I’m quickly making the math in my head. He was producing 500,000 units per year so it’s less than 1% of his total volume. Honestly, no one should care about such a small variance considering the whole thing will be inaccurate anyway. So, I tell him on the spot to forget about it, and if anyone gives him a hard time send them to me.
No one ever came. Not to him and not to me. It wasn’t because he hadn’t tried to fix it together with the previous finance colleague who supported him. It just wasn’t that easy. Why is he coming to me in the first place though? It’s because someone in Finance has told him there can be no inaccuracies in the allocation of the units onto products. It had to be 100% correct.
Stories like this are what’s dragging out the planning process and making you burn the midnight oil. Sure, it can be frustrating when management changes the assumptions but it happens every year so you can plan for it. Both practically in your timeline and process and mentally.
Pragmatism wins the day
As soon as you ditch the 99% mindset of needing to have everything correct and accurate you can start to design solutions that make the process feel like a breeze. Here’s what to consider along the lines of process, technology, people, and organization.
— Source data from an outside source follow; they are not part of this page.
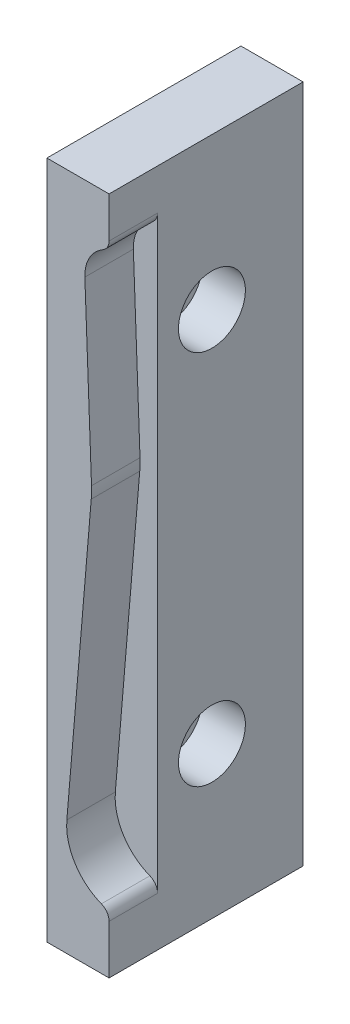
from build123d import *

# Parameters (mm, degrees)
BOSS_EXTRUDE1_DEPTH = 6.35
FILLET1_R           = 3.175
SKETCH3_W           = 16.2814
SKETCH3_H           = 177.8
BOSS_EXTRUDE2_DEPTH = 38.1
SKETCH4_R           = 6.7437
CUT_EXTRUDE1_DEPTH  = 157.034307273
SKETCH5_R           = 8.7641176
CUT_EXTRUDE2_DEPTH  = 11.3284


with BuildPart() as part:
    # Sketch1 → Boss-Extrude1 (new, symmetric)
    with BuildSketch(Plane.XY):
        with BuildLine():
            Line((-3.175, 148.680256121), (-19.4564, 148.680256121))
            Line((-19.4564, 148.680256121), (-19.4564, -29.119743879))
            Line((-19.4564, -29.119743879), (-3.175, -29.119743879))
            Line((-3.175, -29.119743879), (-3.175, -13.930255965))
            ThreePointArc((-3.175, -13.930255965), (-11.533104962, -8.433276125), (-14.237180291, 1.198062439))
            Line((-14.237180291, 1.198062439), (-7.84751395, 77.129690658))
            ThreePointArc((-7.84751395, 77.129690658), (-7.764904905, 78.669797764), (-7.775922348, 80.212079439))
            Line((-7.775922348, 80.212079439), (-9.518300378, 126.6428125))
            ThreePointArc((-9.518300378, 126.6428125), (-7.878891544, 132.352447387), (-3.175, 135.980256121))
            Line((-3.175, 135.980256121), (-3.175, 148.680256121))
        make_face()
    extrude(amount=BOSS_EXTRUDE1_DEPTH, both=True)

    # Fillet1
    fillet1_edges = [part.edges().sort_by_distance(p)[0] for p in [
        (-3.175, 135.980256121, 0),
        (-3.175, -13.930255965, 0),
    ]]
    fillet(fillet1_edges, radius=FILLET1_R)

    # Sketch3 → Boss-Extrude2 (add)
    with BuildSketch(Plane(origin=(0, 0, -6.35), x_dir=(-1, 0, 0), z_dir=(0, 0, -1))):
        with Locations((11.3157, 59.780256121)):
            Rectangle(SKETCH3_W, SKETCH3_H)
    extrude(amount=BOSS_EXTRUDE2_DEPTH)

    # Sketch4 → Cut-Extrude1 (cut, through all)
    with BuildSketch(Plane(origin=(-3.175, 0, 0), x_dir=(0, 0, -1), z_dir=(1, 0, 0))):
        with Locations(Location((20.574, 108.991994121, 0), (0, 0, 90))):
            Circle(SKETCH4_R)
        with Locations(Location((20.574, 10.568518121, 0), (0, 0, 90))):
            Circle(SKETCH4_R)
    extrude(amount=-CUT_EXTRUDE1_DEPTH, mode=Mode.SUBTRACT)

    # Sketch5 → Cut-Extrude2 (cut)
    with BuildSketch(Plane(origin=(-3.175, 0, 0), x_dir=(0, 0, -1), z_dir=(1, 0, 0))):
        with Locations(Location((20.574, 108.991994121, 0), (0, 0, 90))):
            Circle(SKETCH5_R)
        with Locations(Location((20.574, 10.568518121, 0), (0, 0, 90))):
            Circle(SKETCH5_R)
    extrude(amount=-CUT_EXTRUDE2_DEPTH, mode=Mode.SUBTRACT)


solid = part.part
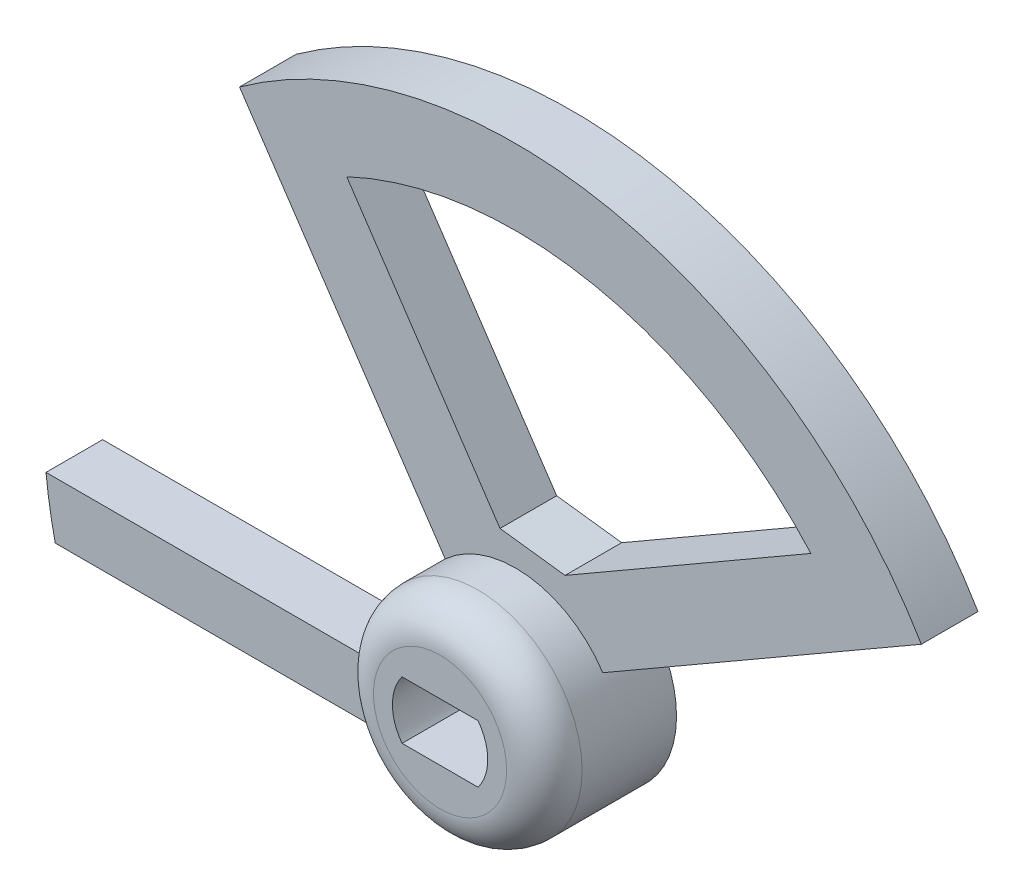
from build123d import *
from build123d.topology import SkipClean

# Parameters (mm, degrees)
BOSS_EXTRUDE2_DEPTH = 3
CUT_EXTRUDE1_DEPTH  = 3
BOSS_EXTRUDE3_DEPTH = 4
FILLET1_R           = 2


with BuildPart() as part:
    # Sketch1 → Boss-Extrude2 (new body)
    with BuildSketch(Plane.XY):
        with BuildLine():
            ThreePointArc((0, -5.525), (-2.878801834, -4.715731651), (-4.91426495, -2.525))
            Line((-4.91426495, -2.525), (-24.872160642, -2.525))
            ThreePointArc((-24.872160642, -2.525), (-24.672642191, -4.032459214), (-24.381845193, -5.525))
            Line((-24.381845193, -5.525), (0, -5.525))
        make_face()
        with BuildLine():
            ThreePointArc((0, -2.525), (1.123610253, -2.261222015), (2.01246118, -1.525))
            Line((2.01246118, -1.525), (-2.01246118, -1.525))
            ThreePointArc((-2.01246118, -1.525), (-1.123610253, -2.261222015), (0, -2.525))
        make_face()
        with BuildLine():
            ThreePointArc((2.01246118, 1.525), (0, 2.525), (-2.01246118, 1.525))
            Line((-2.01246118, 1.525), (2.01246118, 1.525))
        make_face()
        with BuildLine():
            Line((-3.728656931, 4.077099765), (-2.01246118, 1.525))
            ThreePointArc((-2.01246118, 1.525), (0, 2.525), (2.01246118, 1.525))
            Line((2.01246118, 1.525), (4.61980513, 3.030350732))
            ThreePointArc((4.61980513, 3.030350732), (0.687355194, 5.482076964), (-3.728656931, 4.077099765))
        make_face()
        with BuildLine():
            ThreePointArc((0, -2.525), (-1.123610253, -2.261222015), (-2.01246118, -1.525))
            ThreePointArc((-2.01246118, -1.525), (-2.525, 0), (-2.01246118, 1.525))
            Line((-2.01246118, 1.525), (-3.728656931, 4.077099765))
            ThreePointArc((-3.728656931, 4.077099765), (-5.438010205, 0.976560297), (-4.91426495, -2.525))
            Line((-4.91426495, -2.525), (0, -2.525))
        make_face()
        with BuildLine():
            Line((0, -5.525), (0, -2.525))
            Line((0, -2.525), (-4.91426495, -2.525))
            ThreePointArc((-4.91426495, -2.525), (-2.878801834, -4.715731651), (0, -5.525))
        make_face()
        with BuildLine():
            ThreePointArc((2.525, 0), (2.39343785, -0.804412991), (2.01246118, -1.525))
            ThreePointArc((2.01246118, -1.525), (1.123610253, -2.261222015), (0, -2.525))
            Line((0, -2.525), (0, -5.525))
            ThreePointArc((0, -5.525), (3.906764966, -3.906764966), (5.525, 0))
            Line((5.525, 0), (2.525, 0))
        make_face()
        with BuildLine():
            ThreePointArc((2.01246118, 1.525), (2.39343785, 0.804412991), (2.525, 0))
            Line((2.525, 0), (5.525, 0))
            ThreePointArc((5.525, 0), (5.293866656, 1.581328817), (4.61980513, 3.030350732))
            Line((4.61980513, 3.030350732), (2.01246118, 1.525))
        make_face()
        with BuildLine():
            Line((-14.622794466, 20.277422963), (-3.728656931, 4.077099765))
            ThreePointArc((-3.728656931, 4.077099765), (0.687355194, 5.482076964), (4.61980513, 3.030350732))
            Line((4.61980513, 3.030350732), (21.491693232, 12.771339869))
            ThreePointArc((21.491693232, 12.771339869), (5.087313969, 24.476912317), (-14.622794466, 20.277422963))
        make_face()
    extrude(amount=BOSS_EXTRUDE2_DEPTH)

    # Sketch2 → Cut-Extrude1 (cut)
    with BuildSketch(Plane.XY.offset(3)):
        with BuildLine():
            Line((-8.943662301, 19.000286962), (-0.824328522, 6.926285605))
            Line((-0.824328522, 6.926285605), (2.61980513, 6.494452347))
            Line((2.61980513, 6.494452347), (15.641340759, 14.012439447))
            ThreePointArc((15.641340759, 14.012439447), (4.175449663, 20.580709903), (-8.943662301, 19.000286962))
        make_face()
    extrude(amount=-CUT_EXTRUDE1_DEPTH, mode=Mode.SUBTRACT)

    # Sketch3 → Boss-Extrude3 (add)
    with SkipClean():  # the faces are left unmerged after this step: merging them gives an invalid solid
        with BuildSketch(Plane.XY.offset(3)):
            with BuildLine():
                ThreePointArc((5.525, 0), (5.293866656, 1.581328817), (4.61980513, 3.030350732))
                ThreePointArc((4.61980513, 3.030350732), (0.687355194, 5.482076964), (-3.728656931, 4.077099765))
                ThreePointArc((-3.728656931, 4.077099765), (-5.438010205, 0.976560297), (-4.91426495, -2.525))
                ThreePointArc((-4.91426495, -2.525), (-2.878801834, -4.715731651), (0, -5.525))
                ThreePointArc((0, -5.525), (3.906764966, -3.906764966), (5.525, 0))
            make_face()
            with BuildLine():
                Line((-2.01246118, 1.525), (2.01246118, 1.525))
                ThreePointArc((2.01246118, 1.525), (2.525, 0), (2.01246118, -1.525))
                Line((2.01246118, -1.525), (-2.01246118, -1.525))
                ThreePointArc((-2.01246118, -1.525), (-2.525, 0), (-2.01246118, 1.525))
            make_face(mode=Mode.SUBTRACT)
        extrude(amount=BOSS_EXTRUDE3_DEPTH)

    # Fillet1
    fillet1_edges = [part.edges().sort_by_distance(p)[0] for p in [
        (3.728656931, -4.077099765, 7),
    ]]
    fillet(fillet1_edges, radius=FILLET1_R)


solid = part.part
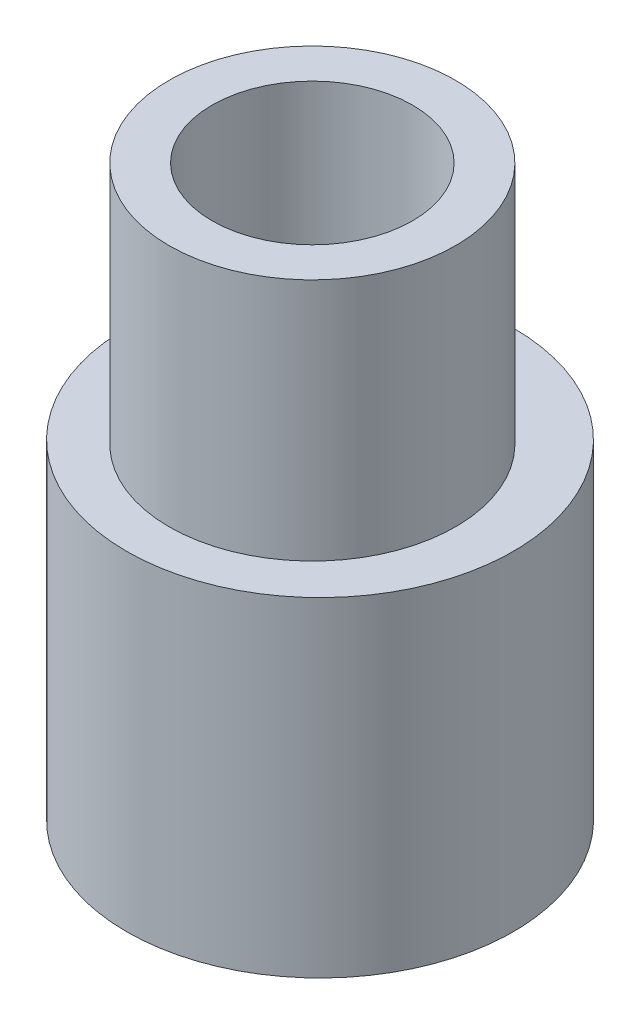
from build123d import *

# Parameters (mm, degrees)
SKETCH1_R           = 2.54
BOSS_EXTRUDE1_DEPTH = 4.318
SKETCH2_R           = 1.778
CUT_EXTRUDE1_DEPTH  = 3.048
SKETCH4_R           = 3.429
BOSS_EXTRUDE2_DEPTH = 5.842
SKETCH5_R           = 2.794
CUT_EXTRUDE2_DEPTH  = 4.826


with BuildPart() as part:
    # Sketch1 → Boss-Extrude1 (new body)
    with BuildSketch(Plane(origin=(0, 0, 0), x_dir=(1, 0, 0), z_dir=(0, 1, 0))):
        with Locations(Location((0, 0, 0), (0, 0, 270))):
            Circle(SKETCH1_R)
    extrude(amount=BOSS_EXTRUDE1_DEPTH)

    # Sketch2 → Cut-Extrude1 (cut)
    with BuildSketch(Plane(origin=(0, 4.318, 0), x_dir=(1, 0, 0), z_dir=(0, 1, 0))):
        with Locations(Location((0, 0, 0), (0, 0, 270))):
            Circle(SKETCH2_R)
    extrude(amount=-CUT_EXTRUDE1_DEPTH, mode=Mode.SUBTRACT)

    # Sketch4 → Boss-Extrude2 (add)
    with BuildSketch(Plane.XZ):
        with Locations(Location((0, -0.136069794, 0), (0, 0, 270))):
            Circle(SKETCH4_R)
    extrude(amount=BOSS_EXTRUDE2_DEPTH)

    # Sketch5 → Cut-Extrude2 (cut)
    with BuildSketch(Plane.XZ.offset(5.842)):
        with Locations(Location((0, 0, 0), (0, 0, 270))):
            Circle(SKETCH5_R)
    extrude(amount=-CUT_EXTRUDE2_DEPTH, mode=Mode.SUBTRACT)


solid = part.part

It's easy to get overwhelmed by a planning process if you design rigid timelines and input templates and mostly communicate via e-mail. However, if you take a more pragmatic approach as outlined here, you’ll be done faster, foster more accountability, and perhaps even have fun while the process is lasting. How is planning done in your company and are you taking a pragmatic approach?
Anders Liu-Lindberg is the co-founder and a partner at Business Partnering Institute and the owner of the largest group dedicated to Finance Business Partnering on LinkedIn with more than 11,000 members. I have ten years of experience as a business partner at the global transport and logistics company Maersk. I am the co-author of the book “Create Value as a Finance Business Partner” and a long-time Finance Blogger on LinkedIn with 305,000+ followers and more than 265,000 subscribers to my blog. I am also an advisory board member at Born Capital where I help identify and grow the next big thing in #CFOTech. Finally, I'm a member of the board of directors at PACE - Profitability Analytics Center of Excellence where I support the development of new analytics frameworks that can improve profitability in companies around the world.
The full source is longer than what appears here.